WHAT IS EXPECTED:
Find the line with "undefined symbols (not" in the entries below. Repeat it, every following line, and the line with "settings ConfigComp: CovModelRefEnable=Off", exactly and with nothing added.

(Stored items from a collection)
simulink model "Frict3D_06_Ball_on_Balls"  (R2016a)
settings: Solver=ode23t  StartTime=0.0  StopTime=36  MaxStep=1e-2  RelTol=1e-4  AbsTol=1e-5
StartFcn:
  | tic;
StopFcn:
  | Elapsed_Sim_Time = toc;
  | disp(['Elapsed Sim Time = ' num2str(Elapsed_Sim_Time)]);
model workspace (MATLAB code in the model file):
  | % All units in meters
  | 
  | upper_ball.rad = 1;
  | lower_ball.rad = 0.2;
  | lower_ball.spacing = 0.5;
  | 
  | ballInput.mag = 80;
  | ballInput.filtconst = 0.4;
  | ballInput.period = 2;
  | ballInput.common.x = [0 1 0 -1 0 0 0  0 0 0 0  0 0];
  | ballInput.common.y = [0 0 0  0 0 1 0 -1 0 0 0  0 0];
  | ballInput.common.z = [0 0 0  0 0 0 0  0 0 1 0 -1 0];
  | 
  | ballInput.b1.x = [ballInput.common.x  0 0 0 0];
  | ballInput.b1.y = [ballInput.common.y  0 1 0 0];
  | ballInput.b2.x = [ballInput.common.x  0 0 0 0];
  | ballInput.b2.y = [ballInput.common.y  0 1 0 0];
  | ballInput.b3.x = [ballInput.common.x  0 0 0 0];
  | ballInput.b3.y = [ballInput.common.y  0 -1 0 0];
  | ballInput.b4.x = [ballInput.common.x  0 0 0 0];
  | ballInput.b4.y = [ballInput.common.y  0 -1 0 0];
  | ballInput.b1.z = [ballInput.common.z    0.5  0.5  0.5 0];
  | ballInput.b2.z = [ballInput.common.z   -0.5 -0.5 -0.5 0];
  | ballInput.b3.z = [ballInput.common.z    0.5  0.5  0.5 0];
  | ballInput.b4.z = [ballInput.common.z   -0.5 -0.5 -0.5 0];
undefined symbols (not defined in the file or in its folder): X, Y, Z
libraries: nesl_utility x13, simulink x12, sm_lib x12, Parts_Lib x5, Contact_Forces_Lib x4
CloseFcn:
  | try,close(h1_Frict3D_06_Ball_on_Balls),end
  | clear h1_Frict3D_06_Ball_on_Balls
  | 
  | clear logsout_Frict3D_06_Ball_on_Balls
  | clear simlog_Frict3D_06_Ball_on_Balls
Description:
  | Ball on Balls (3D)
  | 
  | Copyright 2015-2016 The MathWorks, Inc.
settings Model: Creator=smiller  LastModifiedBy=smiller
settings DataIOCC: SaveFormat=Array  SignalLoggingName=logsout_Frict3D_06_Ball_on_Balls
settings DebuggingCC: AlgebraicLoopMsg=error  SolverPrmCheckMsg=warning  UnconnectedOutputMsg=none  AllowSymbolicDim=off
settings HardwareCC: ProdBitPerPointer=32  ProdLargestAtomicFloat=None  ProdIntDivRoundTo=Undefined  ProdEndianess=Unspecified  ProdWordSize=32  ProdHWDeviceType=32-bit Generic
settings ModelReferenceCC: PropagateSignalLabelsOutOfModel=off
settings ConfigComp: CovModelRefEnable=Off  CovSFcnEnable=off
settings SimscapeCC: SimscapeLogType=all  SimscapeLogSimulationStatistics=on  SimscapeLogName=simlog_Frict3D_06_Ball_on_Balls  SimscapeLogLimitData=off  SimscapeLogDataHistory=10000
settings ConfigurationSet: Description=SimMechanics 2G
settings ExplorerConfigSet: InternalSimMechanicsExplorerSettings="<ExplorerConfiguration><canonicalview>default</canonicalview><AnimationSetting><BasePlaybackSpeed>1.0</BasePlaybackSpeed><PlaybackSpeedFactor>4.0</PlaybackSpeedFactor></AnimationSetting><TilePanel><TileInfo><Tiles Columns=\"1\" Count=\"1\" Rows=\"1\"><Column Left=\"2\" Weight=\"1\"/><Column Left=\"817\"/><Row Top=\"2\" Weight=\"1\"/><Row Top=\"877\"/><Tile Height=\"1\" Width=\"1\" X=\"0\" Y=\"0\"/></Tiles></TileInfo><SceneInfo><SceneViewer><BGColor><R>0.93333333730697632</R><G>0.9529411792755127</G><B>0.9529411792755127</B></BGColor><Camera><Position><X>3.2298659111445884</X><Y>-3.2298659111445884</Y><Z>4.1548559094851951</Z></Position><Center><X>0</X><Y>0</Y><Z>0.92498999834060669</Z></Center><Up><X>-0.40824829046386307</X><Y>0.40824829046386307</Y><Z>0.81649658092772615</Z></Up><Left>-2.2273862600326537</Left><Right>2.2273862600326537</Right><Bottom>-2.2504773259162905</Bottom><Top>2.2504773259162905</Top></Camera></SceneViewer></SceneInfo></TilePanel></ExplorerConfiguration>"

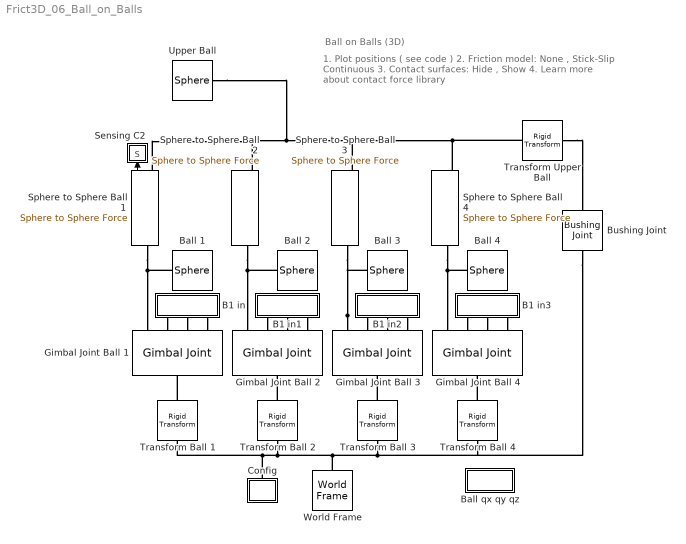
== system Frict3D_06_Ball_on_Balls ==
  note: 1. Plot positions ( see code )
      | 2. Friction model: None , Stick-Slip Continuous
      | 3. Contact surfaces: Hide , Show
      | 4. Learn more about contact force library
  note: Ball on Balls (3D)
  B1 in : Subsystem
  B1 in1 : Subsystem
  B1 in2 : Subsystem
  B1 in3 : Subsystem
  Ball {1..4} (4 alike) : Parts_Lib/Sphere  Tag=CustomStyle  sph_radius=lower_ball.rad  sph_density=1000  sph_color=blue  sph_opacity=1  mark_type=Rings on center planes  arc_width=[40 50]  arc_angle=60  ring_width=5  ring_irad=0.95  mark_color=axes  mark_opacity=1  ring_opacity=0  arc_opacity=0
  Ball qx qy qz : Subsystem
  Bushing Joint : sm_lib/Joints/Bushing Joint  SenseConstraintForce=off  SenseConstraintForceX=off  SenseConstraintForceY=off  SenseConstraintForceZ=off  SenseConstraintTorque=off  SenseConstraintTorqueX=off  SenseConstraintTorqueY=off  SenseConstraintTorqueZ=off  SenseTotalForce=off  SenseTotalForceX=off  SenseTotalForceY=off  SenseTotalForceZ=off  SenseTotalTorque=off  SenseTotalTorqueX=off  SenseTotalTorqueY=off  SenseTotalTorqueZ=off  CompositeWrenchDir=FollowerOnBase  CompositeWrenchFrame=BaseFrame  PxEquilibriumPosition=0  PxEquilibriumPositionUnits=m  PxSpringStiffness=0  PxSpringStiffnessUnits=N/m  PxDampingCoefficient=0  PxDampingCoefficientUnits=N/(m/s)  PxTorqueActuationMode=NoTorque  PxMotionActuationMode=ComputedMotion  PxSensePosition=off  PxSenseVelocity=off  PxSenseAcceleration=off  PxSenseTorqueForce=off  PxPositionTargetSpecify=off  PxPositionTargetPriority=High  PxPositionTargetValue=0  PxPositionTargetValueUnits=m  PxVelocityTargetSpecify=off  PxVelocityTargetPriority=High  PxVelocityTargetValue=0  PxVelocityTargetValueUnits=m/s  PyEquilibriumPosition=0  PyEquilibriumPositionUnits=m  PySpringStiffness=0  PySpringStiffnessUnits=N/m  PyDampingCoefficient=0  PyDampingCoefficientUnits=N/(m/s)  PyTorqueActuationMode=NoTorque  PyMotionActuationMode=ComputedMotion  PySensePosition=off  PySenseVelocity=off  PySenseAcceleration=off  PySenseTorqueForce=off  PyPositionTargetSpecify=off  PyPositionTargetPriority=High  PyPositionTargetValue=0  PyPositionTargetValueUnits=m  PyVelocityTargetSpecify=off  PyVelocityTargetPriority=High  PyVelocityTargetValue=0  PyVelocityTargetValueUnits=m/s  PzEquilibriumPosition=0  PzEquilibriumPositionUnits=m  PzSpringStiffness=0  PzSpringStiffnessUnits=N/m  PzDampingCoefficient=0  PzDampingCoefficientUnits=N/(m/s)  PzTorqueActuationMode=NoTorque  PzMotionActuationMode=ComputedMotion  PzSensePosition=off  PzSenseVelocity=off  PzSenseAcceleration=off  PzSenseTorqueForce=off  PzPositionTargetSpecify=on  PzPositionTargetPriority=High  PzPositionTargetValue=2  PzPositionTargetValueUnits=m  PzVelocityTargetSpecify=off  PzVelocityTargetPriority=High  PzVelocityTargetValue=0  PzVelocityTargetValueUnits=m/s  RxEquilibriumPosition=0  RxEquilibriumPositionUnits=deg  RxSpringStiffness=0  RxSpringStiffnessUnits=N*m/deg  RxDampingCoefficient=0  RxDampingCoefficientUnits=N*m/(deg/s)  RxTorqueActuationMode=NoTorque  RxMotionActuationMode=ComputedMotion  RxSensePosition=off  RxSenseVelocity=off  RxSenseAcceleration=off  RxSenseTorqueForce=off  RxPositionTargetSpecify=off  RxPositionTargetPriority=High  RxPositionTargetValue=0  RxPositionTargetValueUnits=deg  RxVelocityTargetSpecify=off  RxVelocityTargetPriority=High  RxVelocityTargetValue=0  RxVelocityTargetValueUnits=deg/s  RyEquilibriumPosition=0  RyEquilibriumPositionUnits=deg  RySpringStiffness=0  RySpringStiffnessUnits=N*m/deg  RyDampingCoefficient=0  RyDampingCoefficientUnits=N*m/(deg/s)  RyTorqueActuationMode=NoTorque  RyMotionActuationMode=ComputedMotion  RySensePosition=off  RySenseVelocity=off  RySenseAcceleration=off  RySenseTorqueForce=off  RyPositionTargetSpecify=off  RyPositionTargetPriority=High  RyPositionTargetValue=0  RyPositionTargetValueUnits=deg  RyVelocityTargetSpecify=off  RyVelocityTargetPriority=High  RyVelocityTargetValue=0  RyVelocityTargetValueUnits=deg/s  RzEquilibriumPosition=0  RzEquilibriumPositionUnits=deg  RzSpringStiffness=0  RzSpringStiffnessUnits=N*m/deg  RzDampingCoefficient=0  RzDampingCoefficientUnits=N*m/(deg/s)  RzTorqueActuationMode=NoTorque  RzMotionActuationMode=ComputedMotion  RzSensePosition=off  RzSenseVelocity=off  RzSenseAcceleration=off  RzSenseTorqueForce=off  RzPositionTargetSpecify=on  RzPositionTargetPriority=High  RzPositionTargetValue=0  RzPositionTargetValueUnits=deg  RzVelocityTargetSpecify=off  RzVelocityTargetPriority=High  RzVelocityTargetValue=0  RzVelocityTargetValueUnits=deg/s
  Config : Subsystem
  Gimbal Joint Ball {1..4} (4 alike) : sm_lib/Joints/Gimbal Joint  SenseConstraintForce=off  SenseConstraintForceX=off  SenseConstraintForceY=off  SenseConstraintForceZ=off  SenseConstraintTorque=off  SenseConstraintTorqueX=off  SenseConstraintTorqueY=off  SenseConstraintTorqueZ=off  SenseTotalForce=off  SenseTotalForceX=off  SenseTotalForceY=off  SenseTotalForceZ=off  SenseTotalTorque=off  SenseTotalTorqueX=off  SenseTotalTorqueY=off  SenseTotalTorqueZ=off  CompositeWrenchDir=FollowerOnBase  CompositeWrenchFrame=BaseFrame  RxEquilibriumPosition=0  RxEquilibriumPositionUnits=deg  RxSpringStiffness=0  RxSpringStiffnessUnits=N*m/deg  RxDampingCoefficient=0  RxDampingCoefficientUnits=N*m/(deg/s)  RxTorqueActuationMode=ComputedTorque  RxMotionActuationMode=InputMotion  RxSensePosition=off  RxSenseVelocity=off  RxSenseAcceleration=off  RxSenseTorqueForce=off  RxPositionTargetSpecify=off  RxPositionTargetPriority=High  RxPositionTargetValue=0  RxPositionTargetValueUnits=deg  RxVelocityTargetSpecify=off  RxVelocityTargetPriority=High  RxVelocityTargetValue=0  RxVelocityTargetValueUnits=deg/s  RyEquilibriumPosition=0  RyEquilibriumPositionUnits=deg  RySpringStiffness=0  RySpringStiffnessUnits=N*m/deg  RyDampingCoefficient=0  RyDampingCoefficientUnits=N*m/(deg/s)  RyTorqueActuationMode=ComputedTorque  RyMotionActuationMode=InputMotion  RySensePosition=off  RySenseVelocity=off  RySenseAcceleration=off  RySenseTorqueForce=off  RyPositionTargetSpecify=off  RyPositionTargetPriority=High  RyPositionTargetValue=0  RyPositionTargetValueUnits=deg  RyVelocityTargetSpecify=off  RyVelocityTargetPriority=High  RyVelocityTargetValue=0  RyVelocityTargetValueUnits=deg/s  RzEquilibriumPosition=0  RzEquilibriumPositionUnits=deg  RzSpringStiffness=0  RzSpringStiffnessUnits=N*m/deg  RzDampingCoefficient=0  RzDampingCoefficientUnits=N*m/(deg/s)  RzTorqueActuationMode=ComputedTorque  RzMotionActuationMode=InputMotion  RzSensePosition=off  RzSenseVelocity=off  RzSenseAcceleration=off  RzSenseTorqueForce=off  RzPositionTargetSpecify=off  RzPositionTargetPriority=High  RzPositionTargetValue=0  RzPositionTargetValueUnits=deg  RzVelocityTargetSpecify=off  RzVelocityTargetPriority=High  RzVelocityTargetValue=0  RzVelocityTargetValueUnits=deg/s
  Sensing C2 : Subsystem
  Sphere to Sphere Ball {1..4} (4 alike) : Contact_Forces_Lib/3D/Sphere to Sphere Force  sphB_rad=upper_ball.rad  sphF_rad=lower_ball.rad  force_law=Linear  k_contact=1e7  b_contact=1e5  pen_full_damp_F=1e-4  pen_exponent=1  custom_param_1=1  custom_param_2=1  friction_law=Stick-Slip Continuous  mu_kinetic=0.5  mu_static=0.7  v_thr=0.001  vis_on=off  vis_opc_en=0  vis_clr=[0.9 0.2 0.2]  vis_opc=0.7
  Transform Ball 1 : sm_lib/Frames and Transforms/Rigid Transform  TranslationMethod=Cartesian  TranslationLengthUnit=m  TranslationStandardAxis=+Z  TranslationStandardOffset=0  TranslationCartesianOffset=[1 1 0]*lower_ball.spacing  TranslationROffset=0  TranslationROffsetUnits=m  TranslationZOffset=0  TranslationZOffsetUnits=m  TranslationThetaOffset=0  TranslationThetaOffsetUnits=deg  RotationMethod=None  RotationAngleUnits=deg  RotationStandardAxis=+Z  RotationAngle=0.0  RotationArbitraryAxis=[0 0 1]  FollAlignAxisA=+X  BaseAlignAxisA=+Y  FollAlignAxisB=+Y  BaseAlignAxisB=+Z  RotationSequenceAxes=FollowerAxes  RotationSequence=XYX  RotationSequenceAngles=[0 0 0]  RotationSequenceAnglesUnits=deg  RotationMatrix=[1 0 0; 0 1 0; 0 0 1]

ANSWER BELOW:
undefined symbols (not defined in the file or in its folder): X, Y, Z
libraries: nesl_utility x13, simulink x12, sm_lib x12, Parts_Lib x5, Contact_Forces_Lib x4
CloseFcn:
  | try,close(h1_Frict3D_06_Ball_on_Balls),end
  | clear h1_Frict3D_06_Ball_on_Balls
  | 
  | clear logsout_Frict3D_06_Ball_on_Balls
  | clear simlog_Frict3D_06_Ball_on_Balls
Description:
  | Ball on Balls (3D)
  | 
  | Copyright 2015-2016 The MathWorks, Inc.
settings Model: Creator=smiller  LastModifiedBy=smiller
settings DataIOCC: SaveFormat=Array  SignalLoggingName=logsout_Frict3D_06_Ball_on_Balls
settings DebuggingCC: AlgebraicLoopMsg=error  SolverPrmCheckMsg=warning  UnconnectedOutputMsg=none  AllowSymbolicDim=off
settings HardwareCC: ProdBitPerPointer=32  ProdLargestAtomicFloat=None  ProdIntDivRoundTo=Undefined  ProdEndianess=Unspecified  ProdWordSize=32  ProdHWDeviceType=32-bit Generic
settings ModelReferenceCC: PropagateSignalLabelsOutOfModel=off
settings ConfigComp: CovModelRefEnable=Off  CovSFcnEnable=off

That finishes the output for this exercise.